Login with your credentials

In the left tab, you can select your event log and select the end timestamp and resource column.
You can select which deviation method to select and how you want to combine the results.
You can also configure the parameters for each method.
On the main tab, you can now click on `Get deviations`.
This will run each method that you selected and combine the result into a single data frame. The results should look as follows. (Note that the deviation distribution will only show if you selected the Temporal Profiler)


You can also export the dataframe as `CSV` by clicking on `Download data as CSV`

## Citations

Pyinsights implements some approaches on conformance checking first suggested in research.
Some of the papers we used include:

- [Temporal Conformance Checking at Runtime based on Time-infused Process Models](https://arxiv.org/abs/2008.07262)
- [Log Skeletons: A Classification Approach to Process Discovery](https://arxiv.org/abs/1806.08247)

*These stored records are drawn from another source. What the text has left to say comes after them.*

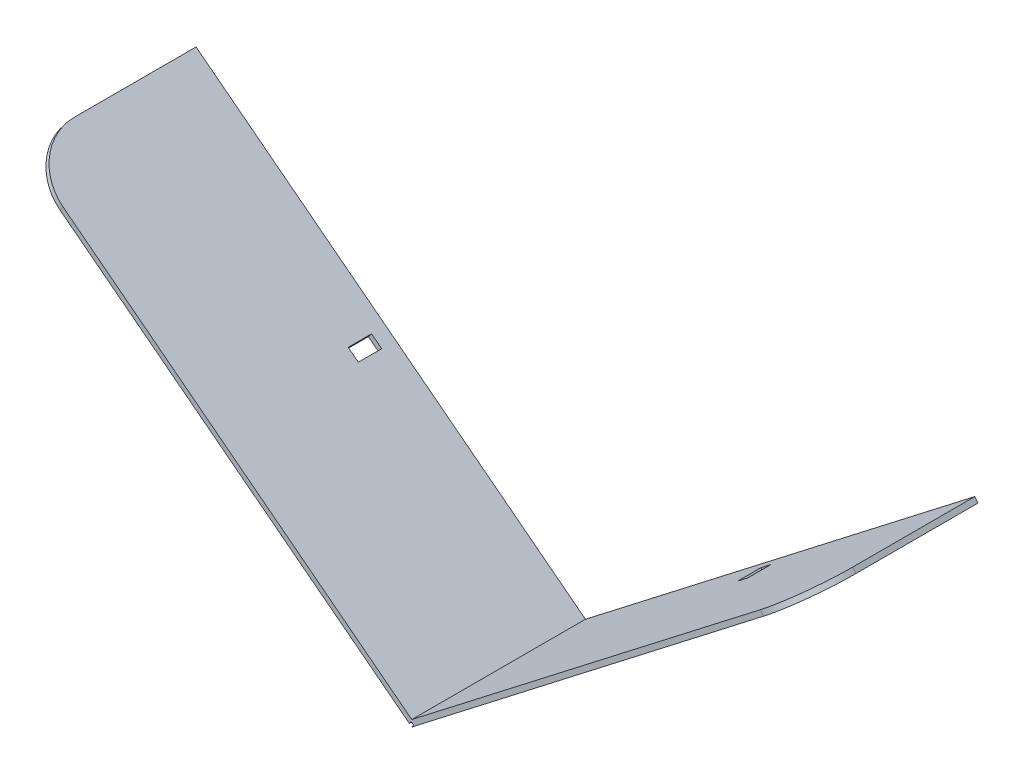
ISO-10303-21;
HEADER;
FILE_DESCRIPTION(('STEP AP214'),'2;1');
FILE_NAME('part.step','',(''),(''),'','','');
FILE_SCHEMA(('AUTOMOTIVE_DESIGN { 1 0 10303 214 1 1 1 1 }'));
ENDSEC;
DATA;
#1=APPLICATION_CONTEXT('core data for automotive mechanical design processes');
#2=APPLICATION_PROTOCOL_DEFINITION('international standard','automotive_design',2000,#1);
#3=PRODUCT_CONTEXT('',#1,'mechanical');
#4=PRODUCT('Part','Part','',(#3));
#5=PRODUCT_RELATED_PRODUCT_CATEGORY('part','',(#4));
#6=PRODUCT_DEFINITION_FORMATION('','',#4);
#7=PRODUCT_DEFINITION_CONTEXT('part definition',#1,'design');
#8=PRODUCT_DEFINITION('design','',#6,#7);
#9=PRODUCT_DEFINITION_SHAPE('','',#8);
#10=(LENGTH_UNIT() NAMED_UNIT(*) SI_UNIT(.MILLI.,.METRE.));
#11=(NAMED_UNIT(*) PLANE_ANGLE_UNIT() SI_UNIT($,.RADIAN.));
#12=(NAMED_UNIT(*) SI_UNIT($,.STERADIAN.) SOLID_ANGLE_UNIT());
#13=UNCERTAINTY_MEASURE_WITH_UNIT(LENGTH_MEASURE(1.E-05),#10,'distance_accuracy_value','');
#14=(GEOMETRIC_REPRESENTATION_CONTEXT(3) GLOBAL_UNCERTAINTY_ASSIGNED_CONTEXT((#13)) GLOBAL_UNIT_ASSIGNED_CONTEXT((#10,
#11,#12)) REPRESENTATION_CONTEXT('',''));
#15=CARTESIAN_POINT('',(0.,0.,0.));
#16=DIRECTION('',(0.,0.,1.));
#17=DIRECTION('',(1.,0.,0.));
#18=AXIS2_PLACEMENT_3D('',#15,#16,#17);
#19=CARTESIAN_POINT('',(0.,0.,-240.2));
#20=DIRECTION('',(-0.611527040185827,-0.791223532967493,0.));
#21=DIRECTION('',(0.791223532967493,-0.611527040185827,0.));
#22=AXIS2_PLACEMENT_3D('',#19,#20,#21);
#23=PLANE('',#22);
#24=DIRECTION('',(0.,0.,1.));
#25=VECTOR('',#24,1.);
#26=CARTESIAN_POINT('',(-186.635563138212,144.248355570605,-240.2));
#27=LINE('',#26,#25);
#28=CARTESIAN_POINT('',(-186.635563138212,144.248355570605,-154.44));
#29=VERTEX_POINT('',#28);
#30=CARTESIAN_POINT('',(-186.635563138212,144.248355570605,-131.84));
#31=VERTEX_POINT('',#30);
#32=EDGE_CURVE('E390',#29,#31,#27,.T.);
#33=ORIENTED_EDGE('',*,*,#32,.F.);
#34=DIRECTION('',(0.791223532967493,-0.611527040185827,0.));
#35=VECTOR('',#34,1.);
#36=CARTESIAN_POINT('',(0.,0.,-154.44));
#37=LINE('',#36,#35);
#38=CARTESIAN_POINT('',(-196.446734947009,151.83129086891,-154.44));
#39=VERTEX_POINT('',#38);
#40=EDGE_CURVE('E376',#39,#29,#37,.T.);
#41=ORIENTED_EDGE('',*,*,#40,.F.);
#42=DIRECTION('',(0.,0.,-1.));
#43=VECTOR('',#42,1.);
#44=CARTESIAN_POINT('',(-196.446734947009,151.83129086891,-240.2));
#45=LINE('',#44,#43);
#46=CARTESIAN_POINT('',(-196.446734947009,151.83129086891,-131.84));
#47=VERTEX_POINT('',#46);
#48=EDGE_CURVE('E385',#47,#39,#45,.T.);
#49=ORIENTED_EDGE('',*,*,#48,.F.);
#50=DIRECTION('',(-0.791223532967493,0.611527040185827,0.));
#51=VECTOR('',#50,1.);
#52=CARTESIAN_POINT('',(0.,0.,-131.84));
#53=LINE('',#52,#51);
#54=EDGE_CURVE('E388',#31,#47,#53,.T.);
#55=ORIENTED_EDGE('',*,*,#54,.F.);
#56=EDGE_LOOP('',(#33,#41,#49,#55));
#57=FACE_BOUND('',#56,.T.);
#58=DIRECTION('',(0.,0.,1.));
#59=VECTOR('',#58,1.);
#60=CARTESIAN_POINT('',(0.,0.,-240.2));
#61=LINE('',#60,#59);
#62=CARTESIAN_POINT('',(0.,0.,-67.256));
#63=VERTEX_POINT('',#62);
#64=CARTESIAN_POINT('',(0.,0.,-33.628));
#65=VERTEX_POINT('',#64);
#66=EDGE_CURVE('E411',#63,#65,#61,.T.);
#67=ORIENTED_EDGE('',*,*,#66,.T.);
#68=DIRECTION('',(-0.791223532967494,0.611527040185827,0.));
#69=VECTOR('',#68,1.);
#70=CARTESIAN_POINT('',(0.,0.,-33.628));
#71=LINE('',#70,#69);
#72=CARTESIAN_POINT('',(-2.37367059890246,1.83458112055752,-33.628));
#73=VERTEX_POINT('',#72);
#74=EDGE_CURVE('E527',#65,#73,#71,.T.);
#75=ORIENTED_EDGE('',*,*,#74,.T.);
#76=DIRECTION('',(0.,0.,-1.));
#77=VECTOR('',#76,1.);
#78=CARTESIAN_POINT('',(-2.37367059890248,1.83458112055744,0.));
#79=LINE('',#78,#77);
#80=CARTESIAN_POINT('',(-2.3736705989025,1.83458112055746,0.));
#81=VERTEX_POINT('',#80);
#82=EDGE_CURVE('E319',#81,#73,#79,.T.);
#83=ORIENTED_EDGE('',*,*,#82,.F.);
#84=DIRECTION('',(0.791223532967493,-0.611527040185827,0.));
#85=VECTOR('',#84,1.);
#86=CARTESIAN_POINT('',(0.,0.,0.));
#87=LINE('',#86,#85);
#88=CARTESIAN_POINT('',(-340.463486235916,263.140085391964,0.));
#89=VERTEX_POINT('',#88);
#90=EDGE_CURVE('E287',#89,#81,#87,.T.);
#91=ORIENTED_EDGE('',*,*,#90,.F.);
#92=CARTESIAN_POINT('',(-340.463486235916,263.140085391964,-50.));
#93=DIRECTION('',(-0.611527040185827,-0.791223532967493,0.));
#94=DIRECTION('',(0.791223532967493,-0.611527040185827,0.));
#95=AXIS2_PLACEMENT_3D('',#92,#93,#94);
#96=CIRCLE('',#95,50.);
#97=CARTESIAN_POINT('',(-380.024662884291,293.716437401255,-50.));
#98=VERTEX_POINT('',#97);
#99=EDGE_CURVE('E460',#89,#98,#96,.T.);
#100=ORIENTED_EDGE('',*,*,#99,.T.);
#101=DIRECTION('',(0.,0.,1.));
#102=VECTOR('',#101,1.);
#103=CARTESIAN_POINT('',(-380.024662884291,293.716437401255,-240.2));
#104=LINE('',#103,#102);
#105=CARTESIAN_POINT('',(-380.024662884291,293.716437401255,-168.14));
#106=VERTEX_POINT('',#105);
#107=EDGE_CURVE('E412',#106,#98,#104,.T.);
#108=ORIENTED_EDGE('',*,*,#107,.F.);
#109=DIRECTION('',(-0.791223532967494,0.611527040185827,0.));
#110=VECTOR('',#109,1.);
#111=CARTESIAN_POINT('',(0.,0.,-168.14));
#112=LINE('',#111,#110);
#113=CARTESIAN_POINT('',(-2.37367059890247,1.83458112055746,-168.14));
#114=VERTEX_POINT('',#113);
#115=EDGE_CURVE('E400',#114,#106,#112,.T.);
#116=ORIENTED_EDGE('',*,*,#115,.F.);
#117=DIRECTION('',(0.,0.,-1.));
#118=VECTOR('',#117,1.);
#119=CARTESIAN_POINT('',(-2.37367059890249,1.83458112055745,0.));
#120=LINE('',#119,#118);
#121=CARTESIAN_POINT('',(-2.37367059890241,1.83458112055751,-134.512));
#122=VERTEX_POINT('',#121);
#123=EDGE_CURVE('E329',#122,#114,#120,.T.);
#124=ORIENTED_EDGE('',*,*,#123,.F.);
#125=DIRECTION('',(-0.791223532967494,0.611527040185827,0.));
#126=VECTOR('',#125,1.);
#127=CARTESIAN_POINT('',(0.,0.,-134.512));
#128=LINE('',#127,#126);
#129=CARTESIAN_POINT('',(0.,0.,-134.512));
#130=VERTEX_POINT('',#129);
#131=EDGE_CURVE('E337',#130,#122,#128,.T.);
#132=ORIENTED_EDGE('',*,*,#131,.F.);
#133=CARTESIAN_POINT('',(0.,0.,-100.884));
#134=VERTEX_POINT('',#133);
#135=EDGE_CURVE('E431',#130,#134,#61,.T.);
#136=ORIENTED_EDGE('',*,*,#135,.T.);
#137=DIRECTION('',(-0.791223532967494,0.611527040185827,0.));
#138=VECTOR('',#137,1.);
#139=CARTESIAN_POINT('',(0.,0.,-100.884));
#140=LINE('',#139,#138);
#141=CARTESIAN_POINT('',(-2.37367059890248,1.83458112055746,-100.884));
#142=VERTEX_POINT('',#141);
#143=EDGE_CURVE('E312',#134,#142,#140,.T.);
#144=ORIENTED_EDGE('',*,*,#143,.T.);
#145=DIRECTION('',(0.,0.,-1.));
#146=VECTOR('',#145,1.);
#147=CARTESIAN_POINT('',(-2.37367059890248,1.83458112055745,0.));
#148=LINE('',#147,#146);
#149=CARTESIAN_POINT('',(-2.37367059890246,1.83458112055746,-67.256));
#150=VERTEX_POINT('',#149);
#151=EDGE_CURVE('E308',#150,#142,#148,.T.);
#152=ORIENTED_EDGE('',*,*,#151,.F.);
#153=DIRECTION('',(-0.791223532967494,0.611527040185827,0.));
#154=VECTOR('',#153,1.);
#155=CARTESIAN_POINT('',(0.,0.,-67.256));
#156=LINE('',#155,#154);
#157=EDGE_CURVE('E102',#63,#150,#156,.T.);
#158=ORIENTED_EDGE('',*,*,#157,.F.);
#159=EDGE_LOOP('',(#67,#75,#83,#91,#100,#108,#116,#124,#132,#136,#144,#152,#158));
#160=FACE_BOUND('',#159,.T.);
#161=ADVANCED_FACE('F87',(#57,#160),#23,.T.);
#162=CARTESIAN_POINT('',(0.,6.31932670309673,-240.2));
#163=DIRECTION('',(-0.611527040185833,0.791223532967489,0.));
#164=DIRECTION('',(-0.791223532967489,-0.611527040185833,0.));
#165=AXIS2_PLACEMENT_3D('',#162,#163,#164);
#166=PLANE('',#165);
#167=DIRECTION('',(-0.791223532967489,-0.611527040185833,0.));
#168=VECTOR('',#167,1.);
#169=CARTESIAN_POINT('',(0.,6.31932670309673,0.));
#170=LINE('',#169,#168);
#171=CARTESIAN_POINT('',(337.405851034982,267.096203056801,0.));
#172=VERTEX_POINT('',#171);
#173=CARTESIAN_POINT('',(0.,6.31932670309673,0.));
#174=VERTEX_POINT('',#173);
#175=EDGE_CURVE('E406',#172,#174,#170,.T.);
#176=ORIENTED_EDGE('',*,*,#175,.F.);
#177=CARTESIAN_POINT('',(337.405851034981,267.096203056801,-50.));
#178=DIRECTION('',(-0.611527040185833,0.791223532967489,0.));
#179=DIRECTION('',(-0.791223532967489,-0.611527040185833,0.));
#180=AXIS2_PLACEMENT_3D('',#177,#178,#179);
#181=CIRCLE('',#180,50.);
#182=CARTESIAN_POINT('',(376.967027683356,297.672555066093,-50.));
#183=VERTEX_POINT('',#182);
#184=EDGE_CURVE('E466',#172,#183,#181,.T.);
#185=ORIENTED_EDGE('',*,*,#184,.T.);
#186=DIRECTION('',(0.,0.,1.));
#187=VECTOR('',#186,1.);
#188=CARTESIAN_POINT('',(376.967027683356,297.672555066093,-240.2));
#189=LINE('',#188,#187);
#190=CARTESIAN_POINT('',(376.967027683356,297.672555066093,-168.14));
#191=VERTEX_POINT('',#190);
#192=EDGE_CURVE('E422',#191,#183,#189,.T.);
#193=ORIENTED_EDGE('',*,*,#192,.F.);
#194=DIRECTION('',(0.791223532967489,0.611527040185833,0.));
#195=VECTOR('',#194,1.);
#196=CARTESIAN_POINT('',(0.,6.31932670309673,-168.14));
#197=LINE('',#196,#195);
#198=CARTESIAN_POINT('',(0.,6.31932670309673,-168.14));
#199=VERTEX_POINT('',#198);
#200=EDGE_CURVE('E394',#199,#191,#197,.T.);
#201=ORIENTED_EDGE('',*,*,#200,.F.);
#202=DIRECTION('',(0.,0.,1.));
#203=VECTOR('',#202,1.);
#204=CARTESIAN_POINT('',(0.,6.31932670309673,-240.2));
#205=LINE('',#204,#203);
#206=EDGE_CURVE('E419',#199,#174,#205,.T.);
#207=ORIENTED_EDGE('',*,*,#206,.T.);
#208=EDGE_LOOP('',(#176,#185,#193,#201,#207));
#209=FACE_BOUND('',#208,.T.);
#210=DIRECTION('',(-0.791223532967489,-0.611527040185833,0.));
#211=VECTOR('',#210,1.);
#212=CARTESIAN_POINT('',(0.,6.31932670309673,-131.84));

## Adjustments to Log Skeleton
During the implementation of the log skeleton according to the definition of the paper, we concluded that their approach is not computationally feasible as the runtime for determining all possible subsets that need to be checked is exponential.
The authors also acknowledge this fact in their paper.

Thus for our approach, we decided to take a simpler approach. For constructing the log skeleton, we use a `noise_threshold`. Instead of requiring that a particular relation holds for each trace, we require it to hold for `noise_treshold*case_count`.

For computing the deviations, we first calculate the relation for each trace individually. We say that a trace conforms, if there are less than `noise_threshold*case_count` of differences between the relation for the trace and the overall relation for all traces.